_Problem to solve_
Examine each line of the data. Copy those that contain the string "header".

>>

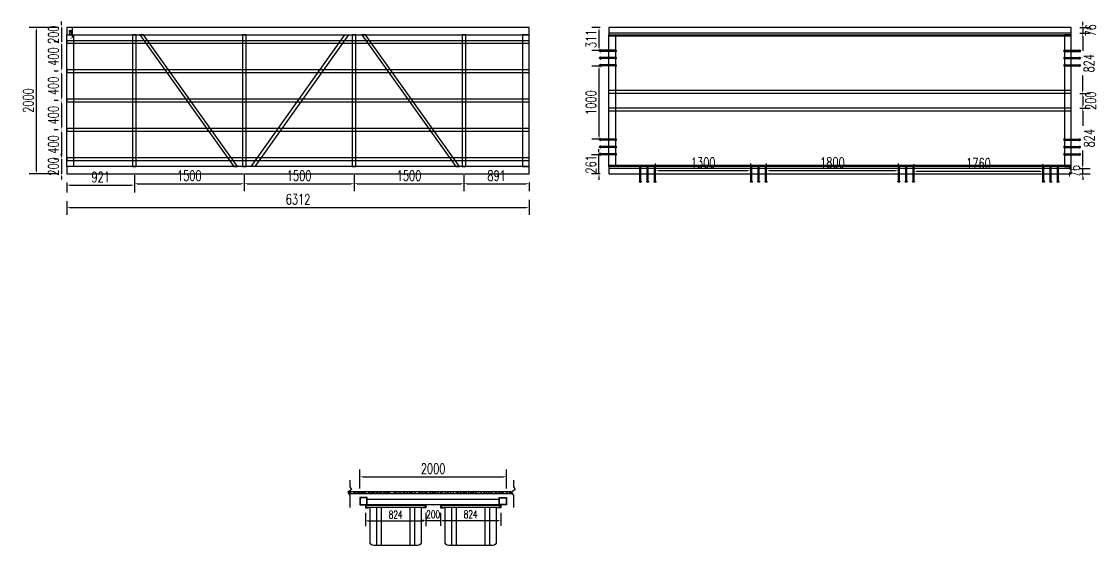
# Model space of a CAD drawing. Extents: x -18540 to 926017, y -610001 to -56924.
# Drawn here: x 34884 to 49573, y -543985 to -536826 of the extents above; entities that cross this region are included whole.
import ezdxf

# ---------------------------------------------------------------- set-up
doc = ezdxf.new("R2010")
doc.units = 0
doc.header["$LTSCALE"] = 10
doc.header["$MEASUREMENT"] = 0
for name, color, linetype in [('BJ02', 2, 'Continuous'), ('W-STEEL_FRAME钢架', 3, 'Continuous'), ('W-STEEL_KEEL钢龙骨', 5, 'Continuous'), ('W-WOOD_FLOOR木地板', 30, 'Continuous'), ('浮箱U槽', 5, 'Continuous'), ('螺栓孔位', 2, 'Continuous'), ('铝合金', 7, 'Continuous')]:
    doc.layers.add(name, color=color, linetype=linetype)
doc.styles.add('STANDARD_T3', font='simplex.shx', dxfattribs={"width": 0.7, "bigfont": 'gbcbig.shx'})
doc.dimstyles.new('W&&10', dxfattribs={"dimtxt": 35, "dimasz": 10, "dimexe": 25, "dimexo": 30, "dimgap": 10, "dimtad": 1, "dimdec": 0, "dimzin": 0, "dimdsep": 46, "dimtxsty": 'STANDARD_T3', "dimcen": 0.09, "dimclrd": 1, "dimclre": 1, "dimclrt": 7, "dimazin": 2, "dimtfac": 1, "dimtdec": 0, "dimtix": 1, "dimtmove": 2, "dimatfit": 3, "dimfxl": 100, "dimtolj": 1, "dimtzin": 0, "dimarcsym": 0})
doc.dimstyles.new('W&&30', dxfattribs={"dimtxt": 105, "dimasz": 30, "dimexe": 75, "dimexo": 90, "dimgap": 30, "dimtad": 1, "dimdec": 0, "dimzin": 0, "dimdsep": 46, "dimtxsty": 'STANDARD_T3', "dimcen": 0.09, "dimclrd": 1, "dimclre": 1, "dimclrt": 7, "dimazin": 2, "dimtfac": 1, "dimtdec": 0, "dimtix": 1, "dimtmove": 2, "dimatfit": 3, "dimfxl": 100, "dimtolj": 1, "dimtzin": 0, "dimarcsym": 0})
doc.dimstyles.new('W&&40', dxfattribs={"dimtxt": 140, "dimasz": 40, "dimexe": 100, "dimexo": 120, "dimgap": 40, "dimtad": 1, "dimdec": 0, "dimzin": 0, "dimdsep": 46, "dimtxsty": 'STANDARD_T3', "dimcen": 0.09, "dimclrd": 1, "dimclre": 1, "dimclrt": 7, "dimazin": 2, "dimtfac": 1, "dimtdec": 0, "dimtix": 1, "dimtmove": 2, "dimatfit": 3, "dimfxl": 100, "dimtolj": 1, "dimtzin": 0, "dimarcsym": 0})

# ---------------------------------------------------------------- blocks, each defined once
blk = doc.blocks.new('*U2025')
at = {"layer": 'W-STEEL_KEEL钢龙骨', "color": 4}
blk.add_lwpolyline([(18, -3156), (18, 3156), (-18, 3156), (-18, -3156)], close=True, dxfattribs=at)
blk = doc.blocks.new('*U2026')
at = {"layer": 'W-STEEL_KEEL钢龙骨', "color": 0, "linetype": 'ByBlock', "lineweight": -2, "transparency": 16777216}
for p in [(0, 0), (400, 0), (800, 0), (1200, 0), (1600, 0)]:
    blk.add_blockref('*U2025', p, dxfattribs=at)
blk = doc.blocks.new('*D258')
at = {"color": 1, "lineweight": -2, "transparency": 16777216}
for p, q in [((586220, 23718), (586220, 23726)), ((586230, 23701), (586360, 23701)), ((586370, 23718), (586370, 23726))]:
    blk.add_line(p, q, dxfattribs=at)
at = {"color": 1, "transparency": 16777216}
for points in [[(586230, 23703), (586230, 23699), (586220, 23701)], [(586360, 23703), (586360, 23699), (586370, 23701)]]:
    blk.add_solid(points, dxfattribs=at)
at = {"layer": 'Defpoints', "color": 0, "transparency": 16777216}
for p in [(586220, 23688), (586370, 23701), (586370, 23688)]:
    blk.add_point(p, dxfattribs=at)
at = {"color": 7, "transparency": 16777216, "insert": (586295, 23729), "char_height": 35, "attachment_point": 5, "style": 'STANDARD_T3'}
blk.add_mtext('\\A1;150', dxfattribs=at)
blk = doc.blocks.new('*D442')
at = {"layer": 'Defpoints', "color": 0, "transparency": 16777216}
for p in [(36424, -538806), (37924, -538806), (37924, -539042)]:
    blk.add_point(p, dxfattribs=at)
at = {"layer": '浮箱U槽', "color": 1, "lineweight": -2, "transparency": 16777216}
for p, q in [((36424, -538926), (36424, -539142)), ((37924, -538926), (37924, -539142)), ((36464, -539042), (37884, -539042))]:
    blk.add_line(p, q, dxfattribs=at)
at = {"layer": '浮箱U槽', "color": 1, "transparency": 16777216}
for points in [[(36464, -539035), (36464, -539048), (36424, -539042)], [(37884, -539035), (37884, -539048), (37924, -539042)]]:
    blk.add_solid(points, dxfattribs=at)
at = {"layer": '浮箱U槽', "color": 7, "transparency": 16777216, "insert": (37174, -538932), "char_height": 140, "attachment_point": 5, "style": 'STANDARD_T3'}
blk.add_mtext('\\A1;1500', dxfattribs=at)
blk = doc.blocks.new('*D443')
at = {"layer": 'Defpoints', "color": 0, "transparency": 16777216}
for p in [(37924, -538806), (39424, -538806), (39424, -539042)]:
    blk.add_point(p, dxfattribs=at)
at = {"layer": '浮箱U槽', "color": 1, "lineweight": -2, "transparency": 16777216}
for p, q in [((37924, -538926), (37924, -539142)), ((39424, -538926), (39424, -539142)), ((37964, -539042), (39384, -539042))]:
    blk.add_line(p, q, dxfattribs=at)
at = {"layer": '浮箱U槽', "color": 1, "transparency": 16777216}
for points in [[(37964, -539035), (37964, -539048), (37924, -539042)], [(39384, -539035), (39384, -539048), (39424, -539042)]]:
    blk.add_solid(points, dxfattribs=at)
at = {"layer": '浮箱U槽', "color": 7, "transparency": 16777216, "insert": (38674, -538932), "char_height": 140, "attachment_point": 5, "style": 'STANDARD_T3'}
blk.add_mtext('\\A1;1500', dxfattribs=at)
blk = doc.blocks.new('*D444')
at = {"layer": 'Defpoints', "color": 0, "transparency": 16777216}
for p in [(39424, -538806), (40924, -538806), (40924, -539042)]:
    blk.add_point(p, dxfattribs=at)
at = {"layer": '浮箱U槽', "color": 1, "lineweight": -2, "transparency": 16777216}
for p, q in [((39424, -538926), (39424, -539142)), ((40924, -538926), (40924, -539142)), ((39464, -539042), (40884, -539042))]:
    blk.add_line(p, q, dxfattribs=at)
at = {"layer": '浮箱U槽', "color": 1, "transparency": 16777216}
for points in [[(39464, -539035), (39464, -539048), (39424, -539042)], [(40884, -539035), (40884, -539048), (40924, -539042)]]:
    blk.add_solid(points, dxfattribs=at)
at = {"layer": '浮箱U槽', "color": 7, "transparency": 16777216, "insert": (40174, -538932), "char_height": 140, "attachment_point": 5, "style": 'STANDARD_T3'}
blk.add_mtext('\\A1;1500', dxfattribs=at)
blk = doc.blocks.new('*D445')
at = {"layer": 'Defpoints', "color": 0, "transparency": 16777216}
for p in [(40924, -538806), (41815, -538906), (41815, -539042)]:
    blk.add_point(p, dxfattribs=at)
at = {"layer": '浮箱U槽', "color": 1, "lineweight": -2, "transparency": 16777216}
for p, q in [((40924, -538926), (40924, -539142)), ((40964, -539042), (41775, -539042)), ((41815, -539026), (41815, -539142))]:
    blk.add_line(p, q, dxfattribs=at)
at = {"layer": '浮箱U槽', "color": 1, "transparency": 16777216}
for points in [[(40964, -539035), (40964, -539048), (40924, -539042)], [(41775, -539035), (41775, -539048), (41815, -539042)]]:
    blk.add_solid(points, dxfattribs=at)
at = {"layer": '浮箱U槽', "color": 7, "transparency": 16777216, "insert": (41370, -538932), "char_height": 140, "attachment_point": 5, "style": 'STANDARD_T3'}
blk.add_mtext('\\A1;891', dxfattribs=at)
blk = doc.blocks.new('*D446')
at = {"layer": 'Defpoints', "color": 0, "transparency": 16777216}
for p in [(35503, -538906), (36424, -538806), (36424, -539061)]:
    blk.add_point(p, dxfattribs=at)
at = {"layer": '浮箱U槽', "color": 1, "lineweight": -2, "transparency": 16777216}
for p, q in [((36424, -538926), (36424, -539161)), ((35503, -539026), (35503, -539161)), ((35543, -539061), (36384, -539061))]:
    blk.add_line(p, q, dxfattribs=at)
at = {"layer": '浮箱U槽', "color": 1, "transparency": 16777216}
for points in [[(35543, -539054), (35543, -539068), (35503, -539061)], [(36384, -539054), (36384, -539068), (36424, -539061)]]:
    blk.add_solid(points, dxfattribs=at)
at = {"layer": '浮箱U槽', "color": 7, "transparency": 16777216, "insert": (35964, -538951), "char_height": 140, "attachment_point": 5, "style": 'STANDARD_T3'}
blk.add_mtext('\\A1;921', dxfattribs=at)
blk = doc.blocks.new('*D447')
at = {"layer": 'Defpoints', "color": 0, "transparency": 16777216}
for p in [(35503, -536906), (35429, -537106), (35503, -537106)]:
    blk.add_point(p, dxfattribs=at)
at = {"layer": '浮箱U槽', "color": 1, "lineweight": -2, "transparency": 16777216}
for p, q in [((35429, -536866), (35429, -536826)), ((35383, -536906), (35329, -536906)), ((35429, -536906), (35429, -537106)), ((35383, -537106), (35329, -537106)), ((35429, -537146), (35429, -537186))]:
    blk.add_line(p, q, dxfattribs=at)
at = {"layer": '浮箱U槽', "color": 1, "transparency": 16777216}
for points in [[(35423, -536866), (35436, -536866), (35429, -536906)], [(35423, -537146), (35436, -537146), (35429, -537106)]]:
    blk.add_solid(points, dxfattribs=at)
at = {"layer": '浮箱U槽', "color": 7, "transparency": 16777216, "insert": (35319, -537006), "char_height": 140, "attachment_point": 5, "rotation": 90, "style": 'STANDARD_T3'}
blk.add_mtext('\\A1;200', dxfattribs=at)
blk = doc.blocks.new('*D448')
at = {"layer": 'Defpoints', "color": 0, "transparency": 16777216}
for p in [(35503, -537106), (35429, -537506), (35503, -537506)]:
    blk.add_point(p, dxfattribs=at)
at = {"layer": '浮箱U槽', "color": 1, "lineweight": -2, "transparency": 16777216}
for p, q in [((35383, -537106), (35329, -537106)), ((35429, -537146), (35429, -537466)), ((35383, -537506), (35329, -537506))]:
    blk.add_line(p, q, dxfattribs=at)
at = {"layer": '浮箱U槽', "color": 1, "transparency": 16777216}
for points in [[(35423, -537146), (35436, -537146), (35429, -537106)], [(35423, -537466), (35436, -537466), (35429, -537506)]]:
    blk.add_solid(points, dxfattribs=at)
at = {"layer": '浮箱U槽', "color": 7, "transparency": 16777216, "insert": (35319, -537306), "char_height": 140, "attachment_point": 5, "rotation": 90, "style": 'STANDARD_T3'}
blk.add_mtext('\\A1;400', dxfattribs=at)
blk = doc.blocks.new('*D449')
at = {"layer": 'Defpoints', "color": 0, "transparency": 16777216}
for p in [(35503, -537506), (35429, -537906), (35503, -537906)]:
    blk.add_point(p, dxfattribs=at)
at = {"layer": '浮箱U槽', "color": 1, "lineweight": -2, "transparency": 16777216}
for p, q in [((35383, -537506), (35329, -537506)), ((35429, -537546), (35429, -537866)), ((35383, -537906), (35329, -537906))]:
    blk.add_line(p, q, dxfattribs=at)
at = {"layer": '浮箱U槽', "color": 1, "transparency": 16777216}
for points in [[(35423, -537546), (35436, -537546), (35429, -537506)], [(35423, -537866), (35436, -537866), (35429, -537906)]]:
    blk.add_solid(points, dxfattribs=at)
at = {"layer": '浮箱U槽', "color": 7, "transparency": 16777216, "insert": (35319, -537706), "char_height": 140, "attachment_point": 5, "rotation": 90, "style": 'STANDARD_T3'}
blk.add_mtext('\\A1;400', dxfattribs=at)
blk = doc.blocks.new('*D450')
at = {"layer": 'Defpoints', "color": 0, "transparency": 16777216}
for p in [(35503, -537906), (35429, -538306), (35503, -538306)]:
    blk.add_point(p, dxfattribs=at)
at = {"layer": '浮箱U槽', "color": 1, "lineweight": -2, "transparency": 16777216}
for p, q in [((35383, -537906), (35329, -537906)), ((35429, -537946), (35429, -538266)), ((35383, -538306), (35329, -538306))]:
    blk.add_line(p, q, dxfattribs=at)
at = {"layer": '浮箱U槽', "color": 1, "transparency": 16777216}
for points in [[(35423, -537946), (35436, -537946), (35429, -537906)], [(35423, -538266), (35436, -538266), (35429, -538306)]]:
    blk.add_solid(points, dxfattribs=at)
at = {"layer": '浮箱U槽', "color": 7, "transparency": 16777216, "insert": (35319, -538106), "char_height": 140, "attachment_point": 5, "rotation": 90, "style": 'STANDARD_T3'}
blk.add_mtext('\\A1;400', dxfattribs=at)
blk = doc.blocks.new('*D451')
at = {"layer": 'Defpoints', "color": 0, "transparency": 16777216}
for p in [(35503, -538306), (35429, -538706), (35503, -538706)]:
    blk.add_point(p, dxfattribs=at)
at = {"layer": '浮箱U槽', "color": 1, "lineweight": -2, "transparency": 16777216}
for p, q in [((35383, -538306), (35329, -538306)), ((35429, -538346), (35429, -538666)), ((35383, -538706), (35329, -538706))]:
    blk.add_line(p, q, dxfattribs=at)
at = {"layer": '浮箱U槽', "color": 1, "transparency": 16777216}
for points in [[(35423, -538346), (35436, -538346), (35429, -538306)], [(35423, -538666), (35436, -538666), (35429, -538706)]]:
    blk.add_solid(points, dxfattribs=at)
at = {"layer": '浮箱U槽', "color": 7, "transparency": 16777216, "insert": (35319, -538506), "char_height": 140, "attachment_point": 5, "rotation": 90, "style": 'STANDARD_T3'}
blk.add_mtext('\\A1;400', dxfattribs=at)
blk = doc.blocks.new('*D452')
at = {"layer": 'Defpoints', "color": 0, "transparency": 16777216}
for p in [(35503, -538706), (35429, -538906), (35503, -538906)]:
    blk.add_point(p, dxfattribs=at)
at = {"layer": '浮箱U槽', "color": 1, "lineweight": -2, "transparency": 16777216}
for p, q in [((35429, -538666), (35429, -538626)), ((35383, -538706), (35329, -538706)), ((35429, -538706), (35429, -538906)), ((35383, -538906), (35329, -538906)), ((35429, -538946), (35429, -538986))]:
    blk.add_line(p, q, dxfattribs=at)
at = {"layer": '浮箱U槽', "color": 1, "transparency": 16777216}
for points in [[(35423, -538666), (35436, -538666), (35429, -538706)], [(35423, -538946), (35436, -538946), (35429, -538906)]]:
    blk.add_solid(points, dxfattribs=at)
at = {"layer": '浮箱U槽', "color": 7, "transparency": 16777216, "insert": (35319, -538806), "char_height": 140, "attachment_point": 5, "rotation": 90, "style": 'STANDARD_T3'}
blk.add_mtext('\\A1;200', dxfattribs=at)
blk = doc.blocks.new('*D453')
at = {"layer": 'Defpoints', "color": 0, "transparency": 16777216}
for p in [(35503, -536906), (35086, -538906), (35503, -538906)]:
    blk.add_point(p, dxfattribs=at)
at = {"layer": '浮箱U槽', "color": 1, "lineweight": -2, "transparency": 16777216}
for p, q in [((35383, -536906), (34986, -536906)), ((35086, -536946), (35086, -538866)), ((35383, -538906), (34986, -538906))]:
    blk.add_line(p, q, dxfattribs=at)
at = {"layer": '浮箱U槽', "color": 1, "transparency": 16777216}
for points in [[(35079, -536946), (35092, -536946), (35086, -536906)], [(35079, -538866), (35092, -538866), (35086, -538906)]]:
    blk.add_solid(points, dxfattribs=at)
at = {"layer": '浮箱U槽', "color": 7, "transparency": 16777216, "insert": (34976, -537906), "char_height": 140, "attachment_point": 5, "rotation": 90, "style": 'STANDARD_T3'}
blk.add_mtext('\\A1;2000', dxfattribs=at)
blk = doc.blocks.new('*D454')
at = {"layer": 'Defpoints', "color": 0, "transparency": 16777216}
for p in [(35503, -539161), (41815, -539142), (41815, -539365)]:
    blk.add_point(p, dxfattribs=at)
at = {"layer": '浮箱U槽', "color": 1, "lineweight": -2, "transparency": 16777216}
for p, q in [((35503, -539281), (35503, -539465)), ((35543, -539365), (41775, -539365)), ((41815, -539262), (41815, -539465))]:
    blk.add_line(p, q, dxfattribs=at)
at = {"layer": '浮箱U槽', "color": 1, "transparency": 16777216}
for points in [[(35543, -539359), (35543, -539372), (35503, -539365)], [(41775, -539359), (41775, -539372), (41815, -539365)]]:
    blk.add_solid(points, dxfattribs=at)
at = {"layer": '浮箱U槽', "color": 7, "transparency": 16777216, "insert": (38659, -539255), "char_height": 140, "attachment_point": 5, "style": 'STANDARD_T3'}
blk.add_mtext('\\A1;6312', dxfattribs=at)
blk = doc.blocks.new('1')
at = {"lineweight": -3}
for p, q in [((-1521938, 1214338), (-1521935, 1214338)), ((-1521938, 1214336), (-1521931, 1214336)), ((-1521938, 1214336), (-1521914, 1214336)), ((-1521936, 1214341), (-1521936, 1214346)), ((-1521936, 1214346), (-1521916, 1214346)), ((-1521935, 1214341), (-1521936, 1214341)), ((-1521934, 1214347), (-1521932, 1214347)), ((-1521933, 1214352), (-1521931, 1214355)), ((-1521933, 1214136), (-1521933, 1214352)), ((-1521919, 1214352), (-1521933, 1214352)), ((-1521932, 1214347), (-1521919, 1214347)), ((-1521932, 1214346), (-1521932, 1214341)), ((-1521921, 1214355), (-1521931, 1214355)), ((-1521919, 1214352), (-1521921, 1214355)), ((-1521919, 1214347), (-1521921, 1214347)), ((-1521921, 1214346), (-1521921, 1214341)), ((-1521919, 1214136), (-1521919, 1214352)), ((-1521917, 1214341), (-1521916, 1214341)), ((-1521914, 1214338), (-1521917, 1214338)), ((-1521916, 1214341), (-1521916, 1214346)), ((-1521938, 1214136), (-1521931, 1214136)), ((-1521938, 1214136), (-1521914, 1214136)), ((-1521938, 1214134), (-1521935, 1214134)), ((-1521935, 1214131), (-1521936, 1214131)), ((-1521936, 1214131), (-1521936, 1214126)), ((-1521936, 1214126), (-1521916, 1214126)), ((-1521934, 1214125), (-1521932, 1214125)), ((-1521932, 1214126), (-1521932, 1214131)), ((-1521932, 1214125), (-1521919, 1214125)), ((-1521921, 1214126), (-1521921, 1214131)), ((-1521919, 1214125), (-1521921, 1214125)), ((-1521914, 1214134), (-1521917, 1214134)), ((-1521917, 1214131), (-1521916, 1214131)), ((-1521916, 1214131), (-1521916, 1214126))]:
    blk.add_line(p, q, dxfattribs=at)
at = {"color": 1}
for p, q in [((-1521936, 1214346), (-1521934, 1214347)), ((-1521919, 1214347), (-1521916, 1214346))]:
    blk.add_line(p, q, dxfattribs=at)
at = {"color": 6, "lineweight": -3}
for p, q in [((-1521931, 1214136), (-1521931, 1214355)), ((-1521921, 1214136), (-1521921, 1214355))]:
    blk.add_line(p, q, dxfattribs=at)
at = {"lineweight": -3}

<<

_Solution below_
doc.header["$LTSCALE"] = 10
doc.header["$MEASUREMENT"] = 0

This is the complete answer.